= THE INPUT =
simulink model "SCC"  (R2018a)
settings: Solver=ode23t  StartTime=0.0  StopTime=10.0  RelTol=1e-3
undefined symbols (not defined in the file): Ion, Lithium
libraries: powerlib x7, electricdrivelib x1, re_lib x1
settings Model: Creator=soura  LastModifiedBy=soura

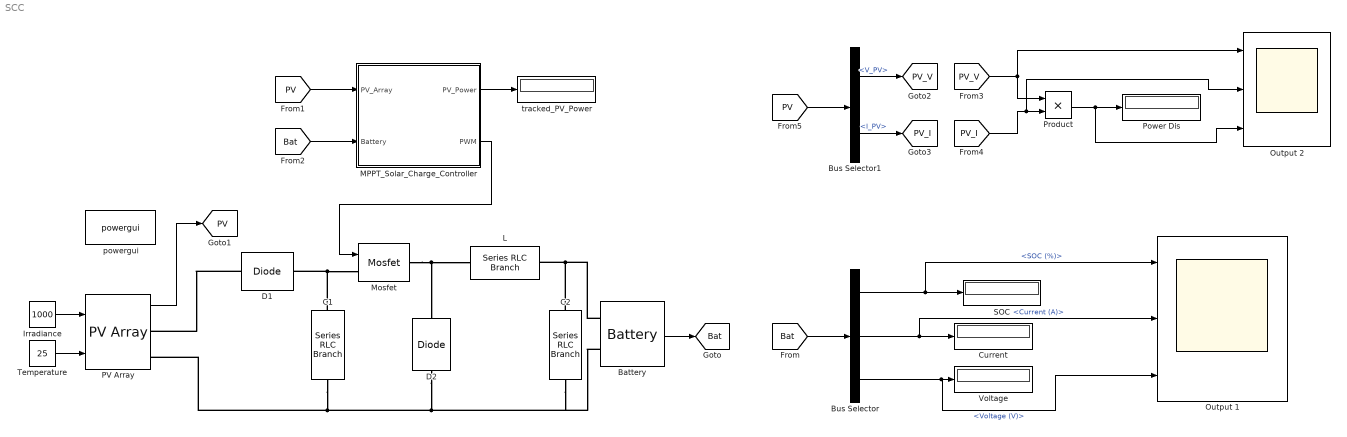
== system SCC ==
  Battery : electricdrivelib/Extra Sources/Battery  BatType=Lithium-Ion  ShowTempParam=off  ThermalPreset=no  ShowAgeParam=off  NomV=12  NomQ=5  SOC=20  Batt_Tr=1  PresetModel=on  MaxQ=5  MinV=9  FullV=13.9678  Dis_rate=2.1739  R=0.024  Normal_OP=4.5217  expZone="[12.9646     0.245652]"  current=[6.5 13 32.5]  Units=Time  Tci=20  NomT=20  T2=-30  MaxQ2=4.8  FullV2=7.1  Normal_OP2=5.655  expZone2="[6.58           1]"  Rca=0.6  ti=2000  Dp=0  Neq0=0  Tsim=1e6  Ta1=25  Qeol=5.4*0.9  Reol=0.013333*1.2  Char_age=[2.3478, 3]  Dis_age=[2.3478, 10]  N1=1500  N2=10500  N3=1000  N4=1400  Ta2=45  N5=950
  Bus Selector : BusSelector  OutputSignals=SOC (%),Current (A),Voltage (V)
  Bus Selector1 : BusSelector  OutputSignals=V_PV,I_PV
  C1 : powerlib/Elements/Series RLC Branch  LConnTagsString=__new0  RConnTagsString=__new0  BranchType=C  Resistance=1  Inductance=1e-3  SetiL0=off  InitialCurrent=0  Capacitance=1000e-6  Setx0=off  InitialVoltage=0  Measurements=None
  C2 : powerlib/Elements/Series RLC Branch  LConnTagsString=__new0  RConnTagsString=__new0  BranchType=C  Resistance=1  Inductance=1e-3  SetiL0=off  InitialCurrent=0  Capacitance=1000e-6  Setx0=off  InitialVoltage=0  Measurements=None
  Current : Display
  D1 : powerlib/Power Electronics/Diode  Ron=0.001  Lon=0  Vf=0.8  IC=0  UseSnubber=0  Rs=inf  Cs=0  Measurements=off
  D2 : powerlib/Power Electronics/Diode  Ron=0.001  Lon=0  Vf=0.5  IC=0  UseSnubber=0  Rs=inf  Cs=0  Measurements=off
  Irradiance : Constant  Value=1000
  L : powerlib/Elements/Series RLC Branch  LConnTagsString=__new0  RConnTagsString=__new0  BranchType=L  Resistance=1  Inductance=10e-3  SetiL0=off  InitialCurrent=0  Capacitance=1000e-6  Setx0=off  InitialVoltage=0  Measurements=None
  MPPT_Solar_Charge_Controller : Subsystem
  Mosfet : powerlib/Power Electronics/Mosfet  Ron=0.02  Lon=0  Rd=0.01  Vfd=0  IC=0  Rs=1e5  Cs=inf  Measurements=off
  Output 1 : Scope  NumInputPorts=3
  Output 2 : Scope  NumInputPorts=3
  PV Array : re_lib/Solar/PV Array  Npar=2  Nser=4  PlotType=array @ 25 deg.C & specified irradiances  S_vec="[ 1000  800 600 400 200 ]"  Temp_C_vec="[ 45 25  ]"  ModuleName=A10Green Technology A10J-S72-175  PlotWhenSelected=off  Pm=175.0914  Ncell=72  Voc=43.99  Isc=5.17  Vm=36.63  Im=4.78  beta_Voc_pc=-0.3616  alpha_Isc_pc=0.041509  beta_Voc=-0.15907  alpha_Isc=0.002146  IL=5.178  I0=1.7845e-10  nI=0.98852  Rsh=249.6783  Rs=0.38412  BAL=on  Tc=1e-6  Tfilter=5e-5
  Power Dis : Display
  Product : Product
  SOC : Display
  Temperature : Constant  Value=25
  Voltage : Display
  powergui : powerlib/powergui  Priority=1  SimulationMode=Discrete  SampleTime=1e-05  frequency=60  Iterations=50  frequencyindice=0  Pbase=100e6  ErrMax=1e-4  UnitsV=kV  UnitsW=MW  buscounter=0  FunctionMessages=off  echomessages=off  EnableUseOfTLC=off  CurrentSourceSwitches=off  DisableSnubberDevices=off  DisableRonSwitches=off  DisableVfSwitches=off  DisplayEquations=off  SolverType=Tustin/Backward Euler (TBE)  Interpol=off  ExternalGateDelay=off  methode=off  Ts=100  x0status=blocks  SPID=on  SwTol=0  HookPort=off  RestoreLinks=warning  ResistiveCurrentMeasurement=off  Frange=[0:2:500]  Ylog=off  Xlog=on  ShowGrid=off  save=off  variable=ZData  structure=0  ZoomFFT=off  StartTime=0.0  cycles=1  DisplayStyle=1  fundamental=60  FreqAxis=off  MaxFrequency=1000  frequencyindicesteady=1  RmsSteady=1  display=off
  tracked_PV_Power : Display
  tag scope: Bat=global, PV=global, PV_I=global, PV_V=global
  wires:
  Irradiance/1 -> PV Array/1
  Temperature/1 -> PV Array/2
  Bus Selector/1 -> Output 1/1, SOC/1  "<SOC (%)>"
  Bus Selector/2 -> Output 1/2, Current/1  "<Current (A)>"
  Bus Selector/3 -> Output 1/3, Voltage/1  "<Voltage (V)>"
  [Bat] -> Bus Selector/1
  Battery/1 -> [Bat]
  PV Array/1 -> [PV]
  [PV_I] -> Output 2/2, Product/2
  Product/1 -> Output 2/3, Power Dis/1
  [PV_V] -> Output 2/1, Product/1
  [PV] -> Bus Selector1/1
  Bus Selector1/1 -> [PV_V]  "<V_PV>"
  Bus Selector1/2 -> [PV_I]  "<I_PV>"
  [PV] -> MPPT_Solar_Charge_Controller/1(PV_Array)
  [Bat] -> MPPT_Solar_Charge_Controller/2(Battery)
  MPPT_Solar_Charge_Controller/1(PV_Power) -> tracked_PV_Power/1
  MPPT_Solar_Charge_Controller/2(PWM) -> Mosfet/1
  connections:
  D1/LConn1 -- PV Array/RConn1
  C1/LConn1 -- Mosfet/LConn1 -- D1/RConn1
  C1/RConn1 -- Battery/LConn2 -- C2/RConn1 -- D2/LConn1 -- PV Array/RConn2
  Mosfet/RConn1 -- L/RConn1 -- D2/RConn1
  C2/LConn1 -- Battery/LConn1 -- L/LConn1

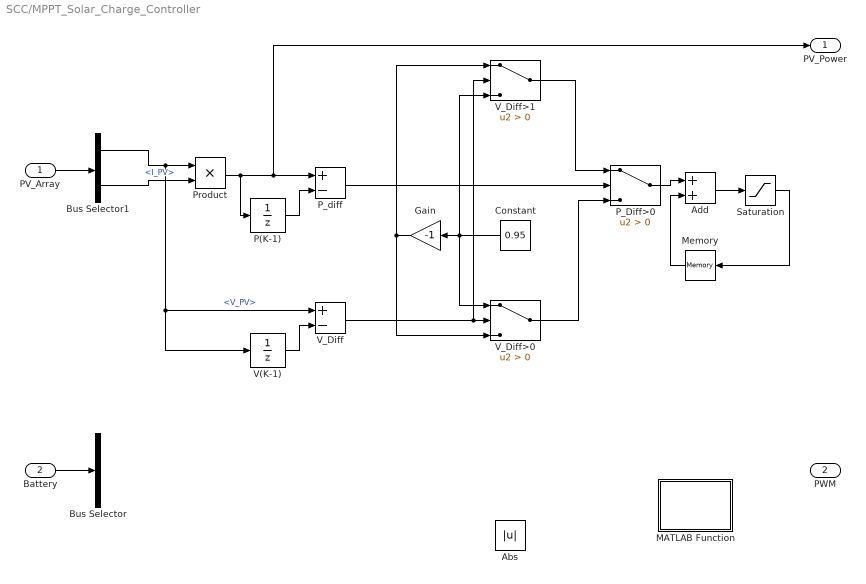
== system SCC/MPPT_Solar_Charge_Controller ==
  PV_Array : Inport
  Battery : Inport  Port=2
  Abs : Abs
  Add : Sum
  Bus Selector : BusSelector  OutputSignals=SOC (%),Current (A),Voltage (V)
  Bus Selector1 : BusSelector  OutputSignals=V_PV,I_PV
  Constant : Constant  Value=0.95  OutMin=[0]  OutMax=[0.95]
  Gain : Gain  Gain=-1
  MATLAB Function : MATLAB Function  TreatAsAtomicUnit=on
  Memory : Memory  InitialCondition=0.5  InheritSampleTime=on  LinearizeMemory=on  LinearizeAsDelay=on
  P(K-1) : UnitDelay  SampleTime=-1
  P_Diff>0 : Switch  Criteria=u2 > Threshold
  P_diff : Sum  Inputs=+-
  Product : Product
  Saturation : Saturate  UpperLimit=0.6  LowerLimit=0.4
  V(K-1) : UnitDelay  SampleTime=-1
  V_Diff : Sum  Inputs=+-
  V_Diff>0 : Switch  Criteria=u2 > Threshold
  V_Diff>1 : Switch  Criteria=u2 > Threshold
  PV_Power : Outport
  PWM : Outport  Port=2
  wires:
  PV_Array/1 -> Bus Selector1/1
  Bus Selector1/1 -> V(K-1)/1, V_Diff/1, Product/1  "<V_PV>"
  Bus Selector1/2 -> Product/2  "<I_PV>"
  Product/1 -> P(K-1)/1, PV_Power/1, P_diff/1
  P(K-1)/1 -> P_diff/2
  V(K-1)/1 -> V_Diff/2
  P_diff/1 -> P_Diff>0/2
  V_Diff/1 -> V_Diff>1/2, V_Diff>0/2
  V_Diff>0/1 -> P_Diff>0/3
  Gain/1 -> V_Diff>1/1, V_Diff>0/3
  V_Diff>1/1 -> P_Diff>0/1
  P_Diff>0/1 -> Add/1
  Memory/1 -> Add/2
  Add/1 -> Saturation/1
  Saturation/1 -> Memory/1
  Constant/1 -> V_Diff>1/3, V_Diff>0/1, Gain/1
  Battery/1 -> Bus Selector/1

== matlab function SCC/MPPT_Solar_Charge_Controller/MATLAB Function ==
function Duty_Cycle

end

= ACTIVITY =
Exact repeat of the material above: every line from the one with "[Bat] -> Bus Selector/1" through the one with "Constant/1 -> V_Diff>1/3, V_Diff>0/1, Gain/1", endpoints included, and nothing more. No pictures.

= OUTPUT =
  [Bat] -> Bus Selector/1
  Battery/1 -> [Bat]
  PV Array/1 -> [PV]
  [PV_I] -> Output 2/2, Product/2
  Product/1 -> Output 2/3, Power Dis/1
  [PV_V] -> Output 2/1, Product/1
  [PV] -> Bus Selector1/1
  Bus Selector1/1 -> [PV_V]  "<V_PV>"
  Bus Selector1/2 -> [PV_I]  "<I_PV>"
  [PV] -> MPPT_Solar_Charge_Controller/1(PV_Array)
  [Bat] -> MPPT_Solar_Charge_Controller/2(Battery)
  MPPT_Solar_Charge_Controller/1(PV_Power) -> tracked_PV_Power/1
  MPPT_Solar_Charge_Controller/2(PWM) -> Mosfet/1
  connections:
  D1/LConn1 -- PV Array/RConn1
  C1/LConn1 -- Mosfet/LConn1 -- D1/RConn1
  C1/RConn1 -- Battery/LConn2 -- C2/RConn1 -- D2/LConn1 -- PV Array/RConn2
  Mosfet/RConn1 -- L/RConn1 -- D2/RConn1
  C2/LConn1 -- Battery/LConn1 -- L/LConn1

== system SCC/MPPT_Solar_Charge_Controller ==
  PV_Array : Inport
  Battery : Inport  Port=2
  Abs : Abs
  Add : Sum
  Bus Selector : BusSelector  OutputSignals=SOC (%),Current (A),Voltage (V)
  Bus Selector1 : BusSelector  OutputSignals=V_PV,I_PV
  Constant : Constant  Value=0.95  OutMin=[0]  OutMax=[0.95]
  Gain : Gain  Gain=-1
  MATLAB Function : MATLAB Function  TreatAsAtomicUnit=on
  Memory : Memory  InitialCondition=0.5  InheritSampleTime=on  LinearizeMemory=on  LinearizeAsDelay=on
  P(K-1) : UnitDelay  SampleTime=-1
  P_Diff>0 : Switch  Criteria=u2 > Threshold
  P_diff : Sum  Inputs=+-
  Product : Product
  Saturation : Saturate  UpperLimit=0.6  LowerLimit=0.4
  V(K-1) : UnitDelay  SampleTime=-1
  V_Diff : Sum  Inputs=+-
  V_Diff>0 : Switch  Criteria=u2 > Threshold
  V_Diff>1 : Switch  Criteria=u2 > Threshold
  PV_Power : Outport
  PWM : Outport  Port=2
  wires:
  PV_Array/1 -> Bus Selector1/1
  Bus Selector1/1 -> V(K-1)/1, V_Diff/1, Product/1  "<V_PV>"
  Bus Selector1/2 -> Product/2  "<I_PV>"
  Product/1 -> P(K-1)/1, PV_Power/1, P_diff/1
  P(K-1)/1 -> P_diff/2
  V(K-1)/1 -> V_Diff/2
  P_diff/1 -> P_Diff>0/2
  V_Diff/1 -> V_Diff>1/2, V_Diff>0/2
  V_Diff>0/1 -> P_Diff>0/3
  Gain/1 -> V_Diff>1/1, V_Diff>0/3
  V_Diff>1/1 -> P_Diff>0/1
  P_Diff>0/1 -> Add/1
  Memory/1 -> Add/2
  Add/1 -> Saturation/1
  Saturation/1 -> Memory/1
  Constant/1 -> V_Diff>1/3, V_Diff>0/1, Gain/1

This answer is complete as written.